I’m willing to work on the necessary changes to integrate this into the Mail app in a secure way, I’ve already an implementation in mind.
Lately I need to at least support opening links. The needed foundation is already provided by liblitehtml but it needs to be implemented on the frontend, deriving the relevant link from the mouse click position.
Text selection inside a contiguous block would also be quite easy to add it seems.
My original plan was to use netsurf librarier for this, it seems you already have quite a chunk done with this other library, one thing to keep in mind is also that there will be a native webkit2 based api for these use cases aswell.
got it working quite well now, Haiku website renders, kind of;-)
(it’s really intended for local use only, anyway, so I’ll work on resolving links and then try integrating with the Mail app).
The issue was caused by using fresh HttpSession objects on the heap for every remote call, which was an oversight and is now remedied by using a field. Crashes gone.
Nice work! if you cannot resolve links or intergration with the mail app, you could try surf. It does build and works nicely. I was never was able to get dmenu working on it.
thanks, I’m almost there.
Links are supported out of the box, I just had to add some integration code from BView::Mouse...() methods to call liblitehtml’s hook functions that in turn call the Haiku container when links are clicked or mouse hover events should be handled.
There’s some work left to do, it’s not quite working yet, but I can already see links change color when clicked.
I also added cursor support, so you will see the Haiku standard link hand when over a link.
The aim is really to build a lightweight, reusable HTML rendering component. I certainly don’t want to draw in more heavy weight browser dependencies like webkit or netsurf, this would just add unnecessary complexity and safety concerns (no Javascript in components!).
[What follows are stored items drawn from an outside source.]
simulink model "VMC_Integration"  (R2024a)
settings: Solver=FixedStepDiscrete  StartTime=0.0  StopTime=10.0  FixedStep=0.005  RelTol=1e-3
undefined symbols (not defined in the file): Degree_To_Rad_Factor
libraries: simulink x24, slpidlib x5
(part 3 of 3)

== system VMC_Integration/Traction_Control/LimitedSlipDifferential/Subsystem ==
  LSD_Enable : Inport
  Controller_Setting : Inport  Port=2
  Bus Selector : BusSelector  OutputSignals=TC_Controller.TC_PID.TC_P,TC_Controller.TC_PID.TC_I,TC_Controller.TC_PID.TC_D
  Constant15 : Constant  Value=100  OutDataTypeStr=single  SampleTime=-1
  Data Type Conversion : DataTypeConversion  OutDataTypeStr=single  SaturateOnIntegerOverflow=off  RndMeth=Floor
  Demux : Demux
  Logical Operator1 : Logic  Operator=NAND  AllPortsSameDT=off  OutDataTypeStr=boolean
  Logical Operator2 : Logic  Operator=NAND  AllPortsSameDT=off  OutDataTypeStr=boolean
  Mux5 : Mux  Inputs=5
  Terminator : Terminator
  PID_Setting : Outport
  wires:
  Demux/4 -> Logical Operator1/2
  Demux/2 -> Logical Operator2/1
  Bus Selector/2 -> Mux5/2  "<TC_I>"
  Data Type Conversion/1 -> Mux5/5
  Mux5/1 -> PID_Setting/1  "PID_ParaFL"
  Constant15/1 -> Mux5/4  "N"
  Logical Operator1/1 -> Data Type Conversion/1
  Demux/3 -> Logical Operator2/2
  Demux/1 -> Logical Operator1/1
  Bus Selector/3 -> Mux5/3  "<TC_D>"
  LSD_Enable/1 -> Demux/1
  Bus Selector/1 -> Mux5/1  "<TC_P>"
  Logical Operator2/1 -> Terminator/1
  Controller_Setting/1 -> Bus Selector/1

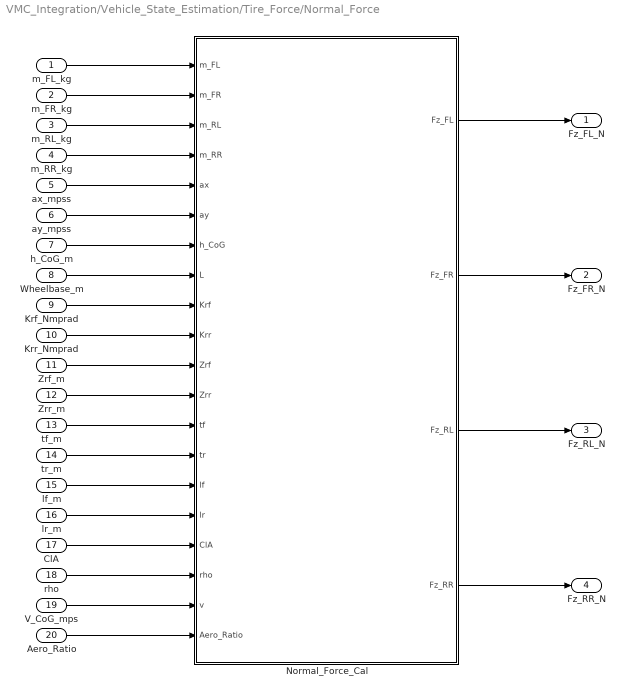
== system VMC_Integration/Vehicle_State_Estimation/Tire_Force/Normal_Force ==
  m_FL_kg : Inport
  m_FR_kg : Inport  Port=2
  m_RL_kg : Inport  Port=3
  m_RR_kg : Inport  Port=4
  ax_mpss : Inport  Port=5
  ay_mpss : Inport  Port=6
  h_CoG_m : Inport  Port=7
  Wheelbase_m : Inport  Port=8
  Krf_Nmprad : Inport  Port=9
  Krr_Nmprad : Inport  Port=10
  Zrf_m : Inport  Port=11
  Zrr_m : Inport  Port=12
  tf_m : Inport  Port=13
  tr_m : Inport  Port=14
  lf_m : Inport  Port=15
  lr_m : Inport  Port=16
  ClA : Inport  Port=17
  rho : Inport  Port=18
  V_CoG_mps : Inport  Port=19
  Aero_Ratio : Inport  Port=20
  Normal_Force_Cal : MATLAB Function  TreatAsAtomicUnit=on
  Fz_FL_N : Outport
  Fz_FR_N : Outport  Port=2
  Fz_RL_N : Outport  Port=3
  Fz_RR_N : Outport  Port=4
  wires:
  m_FL_kg/1 -> Normal_Force_Cal/1(m_FL)
  m_FR_kg/1 -> Normal_Force_Cal/2(m_FR)
  m_RL_kg/1 -> Normal_Force_Cal/3(m_RL)
  m_RR_kg/1 -> Normal_Force_Cal/4(m_RR)
  ax_mpss/1 -> Normal_Force_Cal/5(ax)
  ay_mpss/1 -> Normal_Force_Cal/6(ay)
  h_CoG_m/1 -> Normal_Force_Cal/7(h_CoG)
  Wheelbase_m/1 -> Normal_Force_Cal/8(L)
  Krf_Nmprad/1 -> Normal_Force_Cal/9(Krf)
  Krr_Nmprad/1 -> Normal_Force_Cal/10(Krr)
  Zrf_m/1 -> Normal_Force_Cal/11(Zrf)
  Zrr_m/1 -> Normal_Force_Cal/12(Zrr)
  tf_m/1 -> Normal_Force_Cal/13(tf)
  tr_m/1 -> Normal_Force_Cal/14(tr)
  lf_m/1 -> Normal_Force_Cal/15(lf)
  lr_m/1 -> Normal_Force_Cal/16(lr)
  ClA/1 -> Normal_Force_Cal/17(ClA)
  rho/1 -> Normal_Force_Cal/18(rho)
  V_CoG_mps/1 -> Normal_Force_Cal/19(v)
  Aero_Ratio/1 -> Normal_Force_Cal/20(Aero_Ratio)
  Normal_Force_Cal/1(Fz_FL) -> Fz_FL_N/1
  Normal_Force_Cal/2(Fz_FR) -> Fz_FR_N/1
  Normal_Force_Cal/3(Fz_RL) -> Fz_RL_N/1
  Normal_Force_Cal/4(Fz_RR) -> Fz_RR_N/1

== system VMC_Integration/Vehicle_State_Estimation/Tractive_Regen_Torque/REG_Enable ==
  Brake_Demand_Pct : Inport  OutDataTypeStr=single
  MotorSpeed_Array_rpm : Inport  Port=2  OutDataTypeStr=single
  REG_Button_Bool : Inport  Port=3  OutDataTypeStr=boolean
  HV_Voltage_V : Inport  Port=4  OutDataTypeStr=single
  Compare To Constant1 : simulink/Logic and Bit Operations/Compare To Constant  relop=>  const=1500  OutDataTypeStr=boolean
  Compare To Constant2 : simulink/Logic and Bit Operations/Compare To Constant  relop=>  const=0  OutDataTypeStr=boolean
  Compare To Constant3 : simulink/Logic and Bit Operations/Compare To Constant  relop=<=  const=570  OutDataTypeStr=boolean
  Demux2 : Demux
  Logical Operator : Logic  Inputs=4  AllPortsSameDT=off  OutDataTypeStr=boolean
  Min : MinMax  Inputs=2  OutDataTypeStr=int16
  Terminator : Terminator
  Terminator1 : Terminator
  REG_Enable_Bool : Outport
  wires:
  Brake_Demand_Pct/1 -> Compare To Constant2/1
  Demux2/2 -> Terminator1/1
  HV_Voltage_V/1 -> Compare To Constant3/1
  Compare To Constant1/1 -> Logical Operator/1
  Demux2/1 -> Terminator/1
  REG_Button_Bool/1 -> Logical Operator/3
  Compare To Constant3/1 -> Logical Operator/4
  MotorSpeed_Array_rpm/1 -> Demux2/1
  Demux2/3 -> Min/1
  Min/1 -> Compare To Constant1/1
  Compare To Constant2/1 -> Logical Operator/2
  Demux2/4 -> Min/2
  Logical Operator/1 -> REG_Enable_Bool/1

== system VMC_Integration/YawRate_Controller/CalMz_FB/Avg_Wheel_Angle ==
  WheelAngle_Array_rad : Inport
  Constant : Constant  Value=2  OutDataTypeStr=single
  Demux : Demux
  Divide : Product  Inputs=*/  OutDataTypeStr=single
  Sum : Sum  OutDataTypeStr=single  AccumDataTypeStr=single
  Terminator : Terminator
  Terminator1 : Terminator
  Avg_WheelAngle_rad : Outport
  wires:
  Sum/1 -> Divide/1
  Constant/1 -> Divide/2
  Divide/1 -> Avg_WheelAngle_rad/1
  Demux/1 -> Sum/1
  Demux/2 -> Sum/2
  Demux/3 -> Terminator/1
  Demux/4 -> Terminator1/1
  WheelAngle_Array_rad/1 -> Demux/1

== system VMC_Integration/YawRate_Controller/CalMz_FB/TV_Reset ==
  Avg_WheelAngle_rad : Inport
  LateralAcceleration_mpss : Inport  Port=2
  Abs1 : Abs  OutDataTypeStr=single  SaturateOnIntegerOverflow=off
  Abs2 : Abs  OutDataTypeStr=single  SaturateOnIntegerOverflow=off
  Compare To Constant : simulink/Logic and Bit Operations/Compare To Constant  relop=<=  const=0.02  OutDataTypeStr=boolean
  Compare To Constant1 : simulink/Logic and Bit Operations/Compare To Constant  relop=<=  const=3  OutDataTypeStr=boolean
  Logical Operator : Logic  AllPortsSameDT=off  OutDataTypeStr=boolean
  TV_Reset : Outport
  wires:
  LateralAcceleration_mpss/1 -> Abs1/1
  Abs1/1 -> Compare To Constant1/1
  Logical Operator/1 -> TV_Reset/1  "TV_Reset"
  Compare To Constant/1 -> Logical Operator/1  "TV_Reset1"
  Compare To Constant1/1 -> Logical Operator/2  "TV_Reset2"
  Avg_WheelAngle_rad/1 -> Abs2/1
  Abs2/1 -> Compare To Constant/1

== system VMC_Integration/YawRate_Controller/CalcMzDes_FF/Avg_Wheel_Angle ==
  WheelAngle_Array_rad : Inport
  Constant : Constant  Value=2  OutDataTypeStr=single
  Demux : Demux
  Divide : Product  Inputs=*/  OutDataTypeStr=single
  Sum : Sum  OutDataTypeStr=single  AccumDataTypeStr=single
  Terminator : Terminator
  Terminator1 : Terminator
  Avg_WheelAngle_rad : Outport
  wires:
  Sum/1 -> Divide/1
  Constant/1 -> Divide/2
  Divide/1 -> Avg_WheelAngle_rad/1
  Demux/1 -> Sum/1
  Demux/2 -> Sum/2
  Demux/3 -> Terminator/1
  Demux/4 -> Terminator1/1
  WheelAngle_Array_rad/1 -> Demux/1

== system VMC_Integration/YawRate_Controller/CalcMzDes_FF/Integrator ==
  dx : Inport  PortDimensions=[5,1]
  Demux : Demux  Outputs=5
  Mux : Mux  Inputs=5
  integrator1 : Subsystem
  integrator2 : Subsystem
  integrator3 : Subsystem
  integrator4 : Subsystem
  integrator5 : Subsystem
  x : Outport  PortDimensions=[5,1]
  wires:
  dx/1 -> Demux/1
  Demux/1 -> integrator1/1(In)
  Demux/2 -> integrator2/1(In)
  Demux/3 -> integrator3/1(In)
  Demux/4 -> integrator4/1(In)
  Demux/5 -> integrator5/1(In)
  integrator1/1(Out) -> Mux/1
  integrator2/1(Out) -> Mux/2
  integrator3/1(Out) -> Mux/3
  integrator4/1(Out) -> Mux/4
  integrator5/1(Out) -> Mux/5
  Mux/1 -> x/1

== system VMC_Integration/YawRate_Controller/CalcMzDes_FF/Integrator/integrator1 ==
  In : Inport
  Add : Sum
  Add1 : Sum
  Constant : Constant  Value=0.005  OutDataTypeStr=single
  Constant1 : Constant  Value=0  OutDataTypeStr=single
  Delay1 : Delay  DelayLength=1  InitialCondition=0
  Divide : Product  Inputs=**
  Out : Outport  VectorParamsAs1DForOutWhenUnconnected=off
  wires:
  In/1 -> Divide/1
  Constant/1 -> Divide/2
  Divide/1 -> Add/1
  Delay1/1 -> Add/2, Add1/2
  Constant1/1 -> Add1/1
  Add/1 -> Delay1/1
  Add1/1 -> Out/1

== system VMC_Integration/YawRate_Controller/CalcMzDes_FF/Integrator/integrator2 ==
  In : Inport
  Add : Sum
  Add1 : Sum
  Constant : Constant  Value=0.005  OutDataTypeStr=single
  Constant1 : Constant  Value=0  OutDataTypeStr=single
  Delay1 : Delay  DelayLength=1  InitialCondition=0
  Divide : Product  Inputs=**
  Out : Outport  VectorParamsAs1DForOutWhenUnconnected=off
  wires:
  Add1/1 -> Out/1
  Add/1 -> Delay1/1
  Constant1/1 -> Add1/1
  Delay1/1 -> Add1/2, Add/2
  Divide/1 -> Add/1
  Constant/1 -> Divide/2
  In/1 -> Divide/1

== system VMC_Integration/YawRate_Controller/CalcMzDes_FF/Integrator/integrator3 ==
  In : Inport
  Add : Sum
  Add1 : Sum
  Constant : Constant  Value=0.005  OutDataTypeStr=single
  Constant1 : Constant  Value=0  OutDataTypeStr=single
  Delay1 : Delay  DelayLength=1  InitialCondition=0
  Divide : Product  Inputs=**
  Out : Outport  VectorParamsAs1DForOutWhenUnconnected=off
  wires:
  In/1 -> Divide/1
  Constant/1 -> Divide/2
  Divide/1 -> Add/1
  Delay1/1 -> Add/2, Add1/2
  Constant1/1 -> Add1/1
  Add/1 -> Delay1/1
  Add1/1 -> Out/1

== system VMC_Integration/YawRate_Controller/CalcMzDes_FF/Integrator/integrator4 ==
  In : Inport
  Add : Sum
  Add1 : Sum
  Constant : Constant  Value=0.005  OutDataTypeStr=single
  Constant1 : Constant  Value=0  OutDataTypeStr=single
  Delay1 : Delay  DelayLength=1  InitialCondition=0
  Divide : Product  Inputs=**
  Out : Outport  VectorParamsAs1DForOutWhenUnconnected=off
  wires:
  In/1 -> Divide/1
  Constant/1 -> Divide/2
  Divide/1 -> Add/1
  Delay1/1 -> Add/2, Add1/2
  Constant1/1 -> Add1/1
  Add/1 -> Delay1/1
  Add1/1 -> Out/1

== system VMC_Integration/YawRate_Controller/CalcMzDes_FF/Integrator/integrator5 ==
  In : Inport
  Add : Sum
  Add1 : Sum
  Constant : Constant  Value=0.005  OutDataTypeStr=single
  Constant1 : Constant  Value=0  OutDataTypeStr=single
  Delay1 : Delay  DelayLength=1  InitialCondition=0
  Divide : Product  Inputs=**
  Out : Outport  VectorParamsAs1DForOutWhenUnconnected=off
  wires:
  Add1/1 -> Out/1
  Add/1 -> Delay1/1
  Constant1/1 -> Add1/1
  Delay1/1 -> Add1/2, Add/2
  Divide/1 -> Add/1
  Constant/1 -> Divide/2
  In/1 -> Divide/1

== matlab function VMC_Integration/Vehicle_State_Estimation/Vehicle_CoG_Calculation ==
  data: Overall_Mass output; CoG_From_Front output; CoG_From_Rear output; CoG_Height output; m_FL input; m_FR input; m_RL input; m_RR input; m_RL1 input; m_RR1 input; l input; h input; r input
function [Overall_Mass,CoG_From_Front,CoG_From_Rear,CoG_Height] = fcn(m_FL,m_FR,m_RL,m_RR,m_RL1,m_RR1,l,h,r) 
%%h=前桥被举升的高度，mass_RL1及mass_RL2分别为左后及右后轮被举升后的载荷(参考：测量质心高度的方法)

Overall_Mass = m_FL + m_FR + m_RL + m_RR;
CoG_From_Front = l * (m_RL + m_RR) / Overall_Mass;
CoG_From_Rear = l * (m_FL + m_FR) / Overall_Mass;
CoG_Height = l * (m_RL1 + m_RR1 - m_RL - m_RR) / (Overall_Mass * h) * sqrt(l^2 - h^2) + r;

== matlab function VMC_Integration/YawRate_Controller/CalcMzDes_FF/MATLAB Function ==
  data: Kf input; v_char output; Kr input; lr input; lf input; m input
function v_char = fcn(Kf, Kr, lr, lf, m)

v_char = single((Kf*Kr*lr^2) / (m*(Kr*lr-Kf*lf)));
end

== matlab function VMC_Integration/Power_Limitation/Power_Estimation/MATLAB Function ==
  data: Torque input; Eta input; Est_Power output; Speed input
function Est_Power  = fcn(Torque, Eta, Speed)

P = zeros(4,1);
Est_Power = 0;
for i=1:1:4
    P(i) = Torque(i)*Speed(i)*pi/30/1000/Eta(i);
    Est_Power = Est_Power + P(i);
end

== matlab function VMC_Integration/Power_Limitation/FeedForward_PowerLimit ==
  data: factor output; Torque input; Torque_out output; Est_Power input; Tractive_Limit_Power input; Regen_Limit_Power input
function [factor, Torque_out] = fcn(Torque, Est_Power, Tractive_Limit_Power, Regen_Limit_Power)

if Est_Power >= Tractive_Limit_Power
    factor = Tractive_Limit_Power / Est_Power;
    Torque_out = Torque * factor;
elseif Est_Power <= Regen_Limit_Power
    factor = Regen_Limit_Power / Est_Power;
    Torque_out = Torque * factor;
else
    factor = single(1);
    Torque_out = Torque;

end

== matlab function VMC_Integration/Power_Limitation/MATLAB Function ==
  data: Torque input; Torque_out output; Tractive_Limit_Power input; Regen_Limit_Power input; Act_Power input
function Torque_out = fcn(Torque, Tractive_Limit_Power, Regen_Limit_Power, Act_Power)

    x = [-inf, Regen_Limit_Power, Regen_Limit_Power+5, Tractive_Limit_Power-5, Tractive_Limit_Power, inf];
    y = [0, 0, 1, 1, 0, 0];
    
    scale_factor = interp1(x, y, Act_Power, 'linear', 'extrap');
    
    Torque_out = scale_factor * Torque;
end

== matlab function VMC_Integration/Vehicle_State_Estimation/Velocity_Estimation/CoG_Linear_Velocity_Calculation ==
  data: Actual_Yaw_Rate input; CoG_Vx output; OS_Vx input; OS_Vy input; OS_X_Distance input; OS_Y_Distance input; CoG_Vy output; CoG_V output; OS_V output
function [CoG_Vx, CoG_Vy, CoG_V, OS_V] = fcn(Actual_Yaw_Rate, OS_Vx, OS_Vy, OS_X_Distance ,OS_Y_Distance)
    CoG_Vx = OS_Vx / 3.6 + Actual_Yaw_Rate * OS_Y_Distance;
    CoG_Vy = OS_Vy / 3.6 - Actual_Yaw_Rate * OS_X_Distance;
    CoG_V = single(sqrt(CoG_Vx ^ 2 + CoG_Vy ^ 2));
    OS_V = single(sqrt((OS_Vx / 3.6) ^ 2 + (OS_Vy / 3.6) ^ 2));
end

== matlab function VMC_Integration/YawRate_Controller/CalcMzDes_FF/FF_Yaw_Moment_Calc ==
  data: x input; dx output; delta_s input; v_x input; faktor_GV_stat input; faktor_T_psi input; faktor_omega_e input; faktor_D input; dpsi_des output; Mz_add_FF output; l_R input; l_F input; m input; I_zz input; C_alphaF input; C_alphaR input; i_L input; v_char input; v_thr_act input; Control_active_flag output
function [dx, dpsi_des, Mz_add_FF, Control_active_flag] = ...
    FF_Yaw_Moment_Calc(x, delta_s, v_x, faktor_GV_stat, faktor_T_psi, faktor_omega_e, faktor_D, l_R, l_F, m, I_zz, C_alphaF, C_alphaR, i_L, v_char, v_thr_act)
%% Header
% Function for calculating the refernce yaw rate and the feed foward yaw
% moment

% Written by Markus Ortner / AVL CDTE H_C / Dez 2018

This should probably be included without the capabiltiy to connect to the network at all. Remote images can be a problem, but the mail app should do the downloading if anything (if it is explicitly asked to do so)
Exactly. I’ll include a flag to control if the HTML component is allowed to access remote content.
From the mail app side, I would suggest having a query to decide if it would access remote content, based on the sender and looking up local contacts (i.e. people).
We could for example allow this only for messages from contacts in certain groups etc.
Like the mail queries for drafts, new mail etc. this would be user configurable in a natural and consistent way.
I’m willing to implement the necessary changes for Mail in an official way (Trac issue, PR).
Maybe some day I’ll even get a mention in the activity report:=)
Well, we don’t have any PRs, but other than that this is good news ; )
Yes, per-contact would be nice. I could understand users wanting to allow this for certain “newsfeed” like emails (say marketing emails from online shops) but not want every other mail allow them to track via images…
I’ll submit one really soon now, just fighting with MouseDown() not being called in the html view although it’s properly overridden and has focus
So links don’t work yet and for some reason CPU load gets really high, something’s fishy.
For the mail app, that’s exactly the plan.
So you can add individual contacts or say “all close friends / family / …”.
The Query can be simply adjusted and search all indexed attributes including META:group, so it’s quite simple and powerful, a natural combination in Haiku
I’ve contributed to litehtml before… more specifically laying the ground work for the CSS gradient support that it now has.
Just note that the reason I can’t use it in MY email client is that it has zero support for selections. And I mean not even a hint of it. So the user can’t select something to copy.
Currently I use my own HTML renderer that is… well “ok”… but has more than enough issues. It would be so nice to delegate responsibility for parsing and rendering HTML to something like litehtml. However my own control has fairly decent selection support so it stays I guess. I also have a completely different rich text control that allows the user to author HTML. It has it’s own set of different issues, like no table support.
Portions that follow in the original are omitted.